Another important tool that the politicians might employ in order to influence gas prices is to decrease the tax burden on fuel, since the price of gasoline at gas stations increases significantly as the oil price surges. This applies particularly to the EU, where taxes on fossil fuels have a large influence on the price mechanism. European countries face not only increasing oil prices, but also eco-taxes, high value added tax, and the fuel tax that can make up as much as 45-50% of the overall price of gas. While in the U.S. the oil price determines gasoline prices for up to 60%, in Europe it is 40% on average. This makes EU’s gas prices almost twice as high and has had a very dramatic impact on European economic recovery.

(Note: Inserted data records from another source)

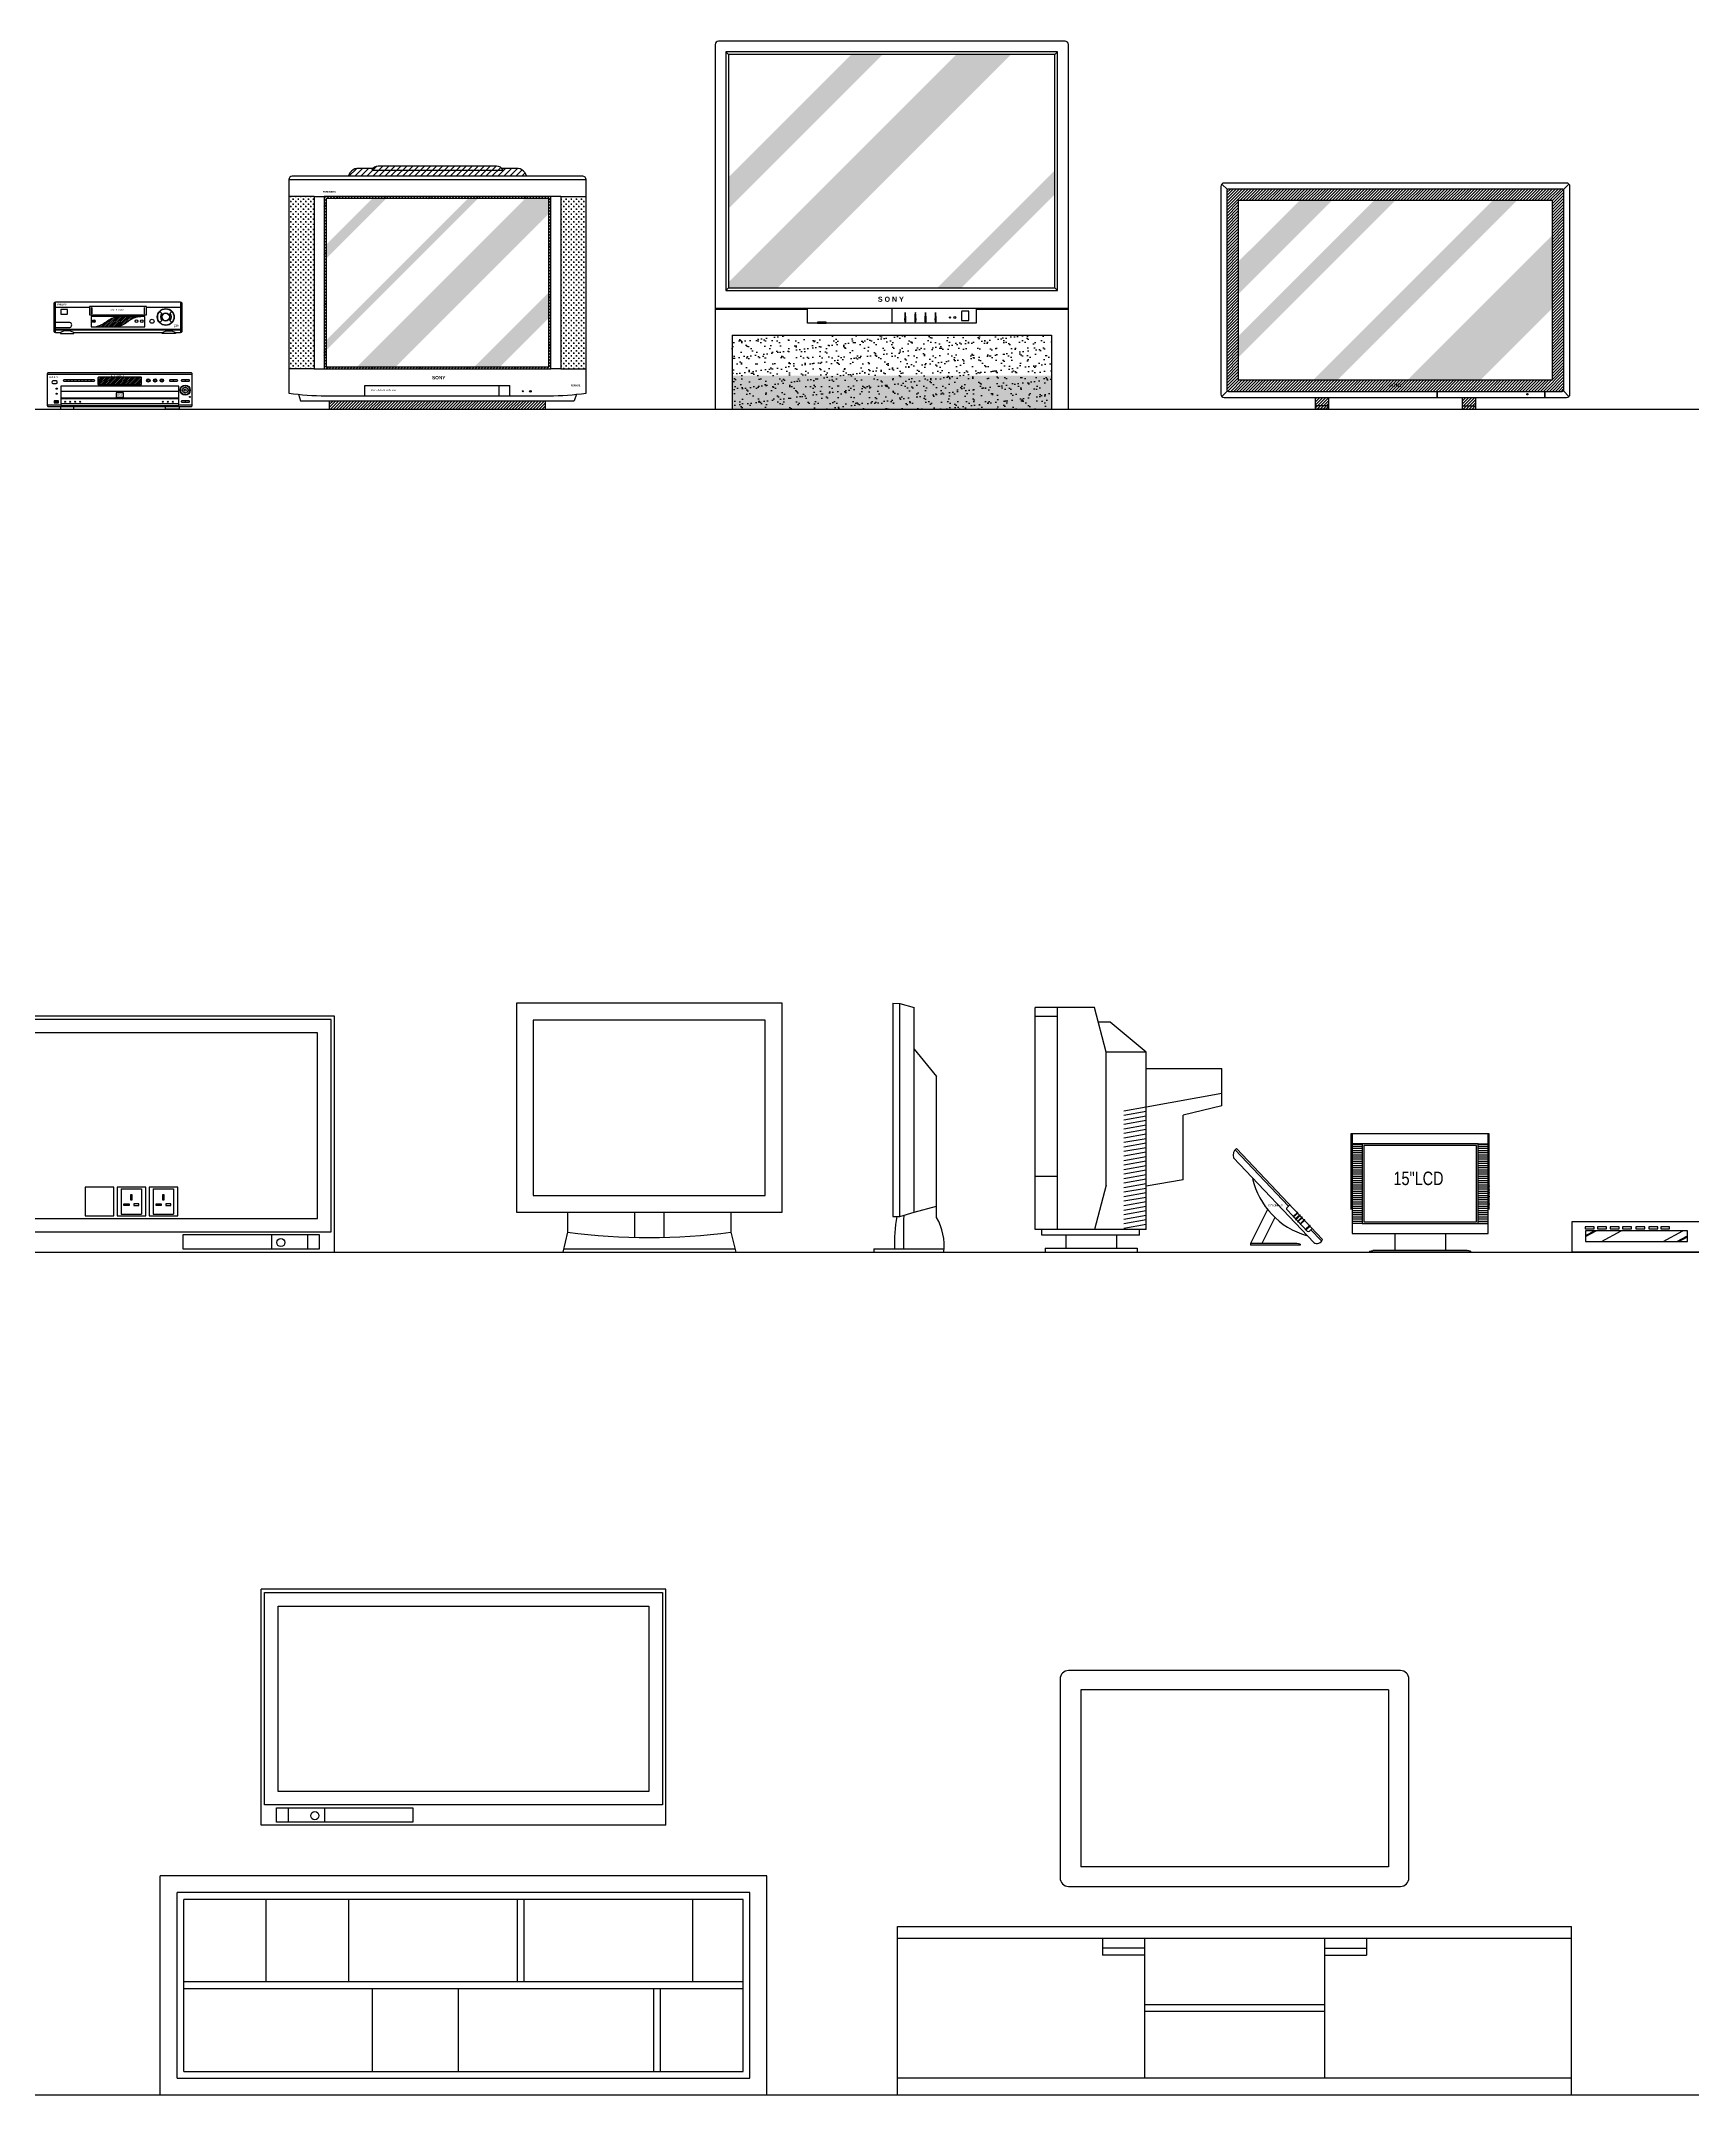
# Model space of a CAD drawing. Header units: inches. Extents: x 11.8 to 54.3, y 10.8 to 35.6.
# Drawn here: x 14.33 to 19.23, y 16.5 to 22.59 of the extents above; entities that cross this region are included whole.
import ezdxf
from ezdxf.enums import TextEntityAlignment as Align

# ---------------------------------------------------------------- set-up
doc = ezdxf.new("R2010")
doc.units = ezdxf.units.IN
doc.header["$MEASUREMENT"] = 0
for name, color, linetype in [('02', 2, 'Continuous'), ('1', 1, 'Continuous'), ('4', 4, 'Continuous'), ('8', 8, 'Continuous')]:
    doc.layers.add(name, color=color, linetype=linetype)
doc.styles.add('1', font='', dxfattribs={"width": 0.8})
doc.styles.add('CH', font='SimSun.ttf', dxfattribs={"width": 0.8})
doc.styles.add('HT2', font='swisseb.ttf')
doc.styles.add('STYLE5', font='dutchi.ttf')
doc.styles.get('1').set_extended_font_data('MingLiU')
pattern_1 = [(45, (-39.1391872, 24.797029), (-0.00176776695, 0.00176776695), [])]
pattern_2 = [(37.5, (-40.933211, 22.678909), (-0.0005039469, 0.0154145902), [0, -0.01216, 0, -0.0136, 0, -0.013]), (7.5, (-40.93321, 22.67891), (0.014158214, 0.0225771685), [0, -0.00656, 0, -0.01096, 0, -0.0042]), (327.5, (-40.943051, 22.678909), (0.024913135, 4.52724e-05), [0, -0.004, 0, -0.0144, 0, -0.0188]), (317.5, (-40.94305, 22.67891), (0.024049013, 0.0070214045), [0, -0.002, 0, -0.00944, 0, -0.0108])]
pattern_3 = [(45, (-33.382049, 26.878509), (-0.0044194174, 0.0044194174), [])]
pattern_4 = [(45, (-34.498913, 25.391854), (-0.0044194174, 0.0044194174), [])]
pattern_5 = [(0, (-34.498913, 25.391854), (0.0075, 0.0075), [0.00375, -0.01125]), (90, (-34.497038, 25.389979), (-0.0075, 0.0075), [0.00375, -0.01125])]

msp = doc.modelspace()

# ---------------------------------------------------------------- hatches: boundary and pattern name
at = {"layer": '1'}
h = msp.add_hatch(dxfattribs=at)
h.set_pattern_fill('ANSI31', color=256, scale=0.002, angle=315, style=0)
h.set_pattern_definition([(180, (33.3751, 0.021254), (-2e-18, 0.00635), [])])
h.paths.add_polyline_path([(18.2492, 19.0833), (18.2192, 19.0833), (18.2192, 19.3193), (18.2492, 19.3193)])
h = msp.add_hatch(dxfattribs=at)
h.set_pattern_fill('ANSI31', color=256, scale=0.002, angle=315, style=0)
h.set_pattern_definition([(0, (3.467241, 0.021254), (2e-18, 0.00635), [])])
h.paths.add_polyline_path([(18.5932, 19.0833), (18.6232, 19.0833), (18.6232, 19.3193), (18.5932, 19.3193)])
at = {"layer": '4'}
h = msp.add_hatch(dxfattribs=at)
h.set_pattern_fill('AR-SAND,_O', color=256, scale=0.008)
h.set_pattern_definition(pattern_2)
h.paths.add_polyline_path([(16.8267, 22.5503), (16.7335, 22.5503), (16.3697, 22.1866), (16.3697, 22.0934)], flags=17)
h.paths.add_polyline_path([(17.2073, 22.5503), (17.0446, 22.5503), (16.3697, 21.8754), (16.3697, 21.8583), (16.5153, 21.8583)])
h.paths.add_polyline_path([(17.3377, 22.1363), (17.3377, 22.207), (16.989, 21.8583), (17.0597, 21.8583)])
h = msp.add_hatch(dxfattribs=at)
h.set_pattern_fill('ANSI31,_O', color=256, scale=0.1)
h.set_pattern_definition([(45, (-34.498913, 25.391854), (-0.0088388348, 0.0088388348), [])])
h.paths.add_polyline_path([(15.3302, 22.2193, 0.277313), (15.3107, 22.2076), (15.7007, 22.2076, 0.277313), (15.6812, 22.2193)])
h.paths.add_polyline_path([(15.7707, 22.1893), (15.7647, 22.2003, 0.228268), (15.7448, 22.2123), (15.6973, 22.2123, -0.066055), (15.7007, 22.2076), (15.3107, 22.2076, -0.066055), (15.3141, 22.2123), (15.2667, 22.2123, 0.228268), (15.2468, 22.2003), (15.2407, 22.1893)])
h = msp.add_hatch(dxfattribs=at)
h.set_pattern_fill('CROSS,_O', color=256, scale=0.03)
h.set_pattern_definition(pattern_5)
h.paths.add_polyline_path([(15.1397, 22.1293), (15.0647, 22.1293), (15.0647, 21.6183), (15.1397, 21.6183)])
h = msp.add_hatch(dxfattribs=at)
h.set_pattern_fill('ANSI31,_O', color=256, scale=0.05)
h.set_pattern_definition(pattern_4)
h.paths.add_polyline_path([(15.1757, 21.6243), (15.8357, 21.6243), (15.8357, 22.1233), (15.1757, 22.1233)], flags=16)
h.paths.add_polyline_path([(15.1697, 21.6183), (15.8417, 21.6183), (15.8417, 22.1293), (15.1697, 22.1293)])
h = msp.add_hatch(dxfattribs=at)
h.set_pattern_fill('AR-SAND,_O', color=256, scale=0.005)
h.set_pattern_definition([(37.5, (-34.498913, 25.391854), (-0.0003149668, 0.0096341188), [0, -0.0076, 0, -0.0085, 0, -0.008125]), (7.5, (-34.498913, 25.391854), (0.0088488835, 0.0141107303), [0, -0.0041, 0, -0.00685, 0, -0.002625]), (327.5, (-34.505063, 25.391854), (0.0155707093, 2.82953e-05), [0, -0.0025, 0, -0.009, 0, -0.01175]), (317.5, (-34.505063, 25.391854), (0.015030633, 0.004388378), [0, -0.00125, 0, -0.0059, 0, -0.00675])])
h.paths.add_polyline_path([(15.3541, 22.1233), (15.3122, 22.1233), (15.1757, 21.9868), (15.1757, 21.945)])
h.paths.add_polyline_path([(15.6262, 22.1233), (15.5965, 22.1233), (15.1757, 21.7025), (15.1757, 21.6728)])
h.paths.add_polyline_path([(15.8357, 22.0783), (15.8357, 22.1233), (15.766, 22.1233), (15.267, 21.6243), (15.3818, 21.6243)])
h.paths.add_polyline_path([(15.8357, 21.794), (15.8357, 21.8449), (15.6151, 21.6243), (15.666, 21.6243)], flags=17)
h.paths.add_polyline_path([(15.8357, 21.7686), (15.8357, 21.794), (15.666, 21.6243), (15.6915, 21.6243)], flags=17)
h = msp.add_hatch(dxfattribs=at)
h.set_pattern_fill('CROSS,_O', color=256, scale=0.03)
h.set_pattern_definition(pattern_5)
h.paths.add_polyline_path([(15.9467, 22.1293), (15.8717, 22.1293), (15.8717, 21.6183), (15.9467, 21.6183)])
h = msp.add_hatch(dxfattribs=at)
h.set_pattern_fill('ANSI31,_O', color=256, scale=0.05)
h.set_pattern_definition(pattern_3)
h.paths.add_polyline_path([(17.8479, 21.5563, 0.414214), (17.8529, 21.5513), (18.8429, 21.5513, 0.414214), (18.8479, 21.5563), (18.8479, 22.1463, 0.414214), (18.8429, 22.1513), (17.8529, 22.1513, 0.414214), (17.8479, 22.1463)])
h.paths.add_polyline_path([(18.8139, 21.5853), (17.8819, 21.5853), (17.8819, 22.1173), (18.8139, 22.1173)], flags=16)
h.paths.add_polyline_path([(18.3214, 21.5618), (18.375, 21.5618), (18.375, 21.5776), (18.3214, 21.5776)], flags=24)
h = msp.add_hatch(dxfattribs=at)
h.set_pattern_fill('AR-SAND,_O', color=256, scale=0.005)
h.set_pattern_definition([(37.5, (-33.382049, 26.878509), (-0.0003149668, 0.0096341188), [0, -0.0076, 0, -0.0085, 0, -0.008125]), (7.5, (-33.382049, 26.878509), (0.0088488835, 0.0141107303), [0, -0.0041, 0, -0.00685, 0, -0.002625]), (327.5, (-33.388199, 26.878509), (0.0155707093, 2.82953e-05), [0, -0.0025, 0, -0.009, 0, -0.01175]), (317.5, (-33.388199, 26.878509), (0.015030633, 0.0043883778), [0, -0.00125, 0, -0.0059, 0, -0.00675])])
h.paths.add_polyline_path([(18.1599, 22.1173), (18.0633, 22.1173), (17.8819, 21.936), (17.8819, 21.8393)])
h.paths.add_polyline_path([(18.3475, 22.1173), (18.2839, 22.1173), (17.8819, 21.7153), (17.8819, 21.6517)])
h.paths.add_polyline_path([(18.7082, 22.1173), (18.636, 22.1173), (18.104, 21.5853), (18.1762, 21.5853)])
h.paths.add_polyline_path([(18.8139, 21.7988), (18.8139, 22.0152), (18.3841, 21.5853), (18.6004, 21.5853)])
h = msp.add_hatch(dxfattribs=at)
h.set_pattern_fill('AR-SAND,_O', color=256, scale=0.018)
h.set_pattern_definition([(37.5, (-40.93321, 22.67891), (-0.00113388, 0.034682828), [0, -0.02736, 0, -0.0306, 0, -0.02925]), (7.5, (-40.93321, 22.67891), (0.03185598, 0.05079863), [0, -0.01476, 0, -0.02466, 0, -0.00945]), (327.5, (-40.95535, 22.67891), (0.056054554, 0.000101863), [0, -0.009, 0, -0.0324, 0, -0.0423]), (317.5, (-40.95535, 22.67891), (0.05411028, 0.01579816), [0, -0.0045, 0, -0.02124, 0, -0.0243])])
h.paths.add_polyline_path([(16.3797, 21.7183), (16.3797, 21.4983), (17.3277, 21.4983), (17.3277, 21.7183)])
h = msp.add_hatch(dxfattribs=at)
h.set_pattern_fill('AR-SAND,_O', color=256, scale=0.012)
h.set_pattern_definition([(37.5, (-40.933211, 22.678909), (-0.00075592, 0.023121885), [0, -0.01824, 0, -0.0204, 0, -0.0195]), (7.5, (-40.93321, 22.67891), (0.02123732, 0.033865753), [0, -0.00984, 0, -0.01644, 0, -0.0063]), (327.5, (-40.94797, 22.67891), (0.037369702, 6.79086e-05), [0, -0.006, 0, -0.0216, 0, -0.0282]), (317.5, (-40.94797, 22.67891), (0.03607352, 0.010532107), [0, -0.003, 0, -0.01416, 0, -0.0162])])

Despite the gloomy picture, the long-term predictions for the oil price are not bearish. The major players both on the consuming and producing sides are aware that prices are abnormally high. There is a strong belief in the market and that prices will go down in the next three to five years. The economic boom in China is likely to subside in the coming decade, while both unconventional sources of oil and a more permanent energy shift towards natural gas and renewable energy are expected to bring the long term oil price well under 100 USD. Meanwhile there is geopolitical instability in the Middle East and a reserve buffer for energy consumption; however, we are bound to remain victims of price volatilities. Unless countries take steps to decrease dependence on expensive energy sources, find new alternatives to oil in the transport sector, develop the production of renewable energy, and improve energy efficiency, the price of oil will remain a contentious issue during elections.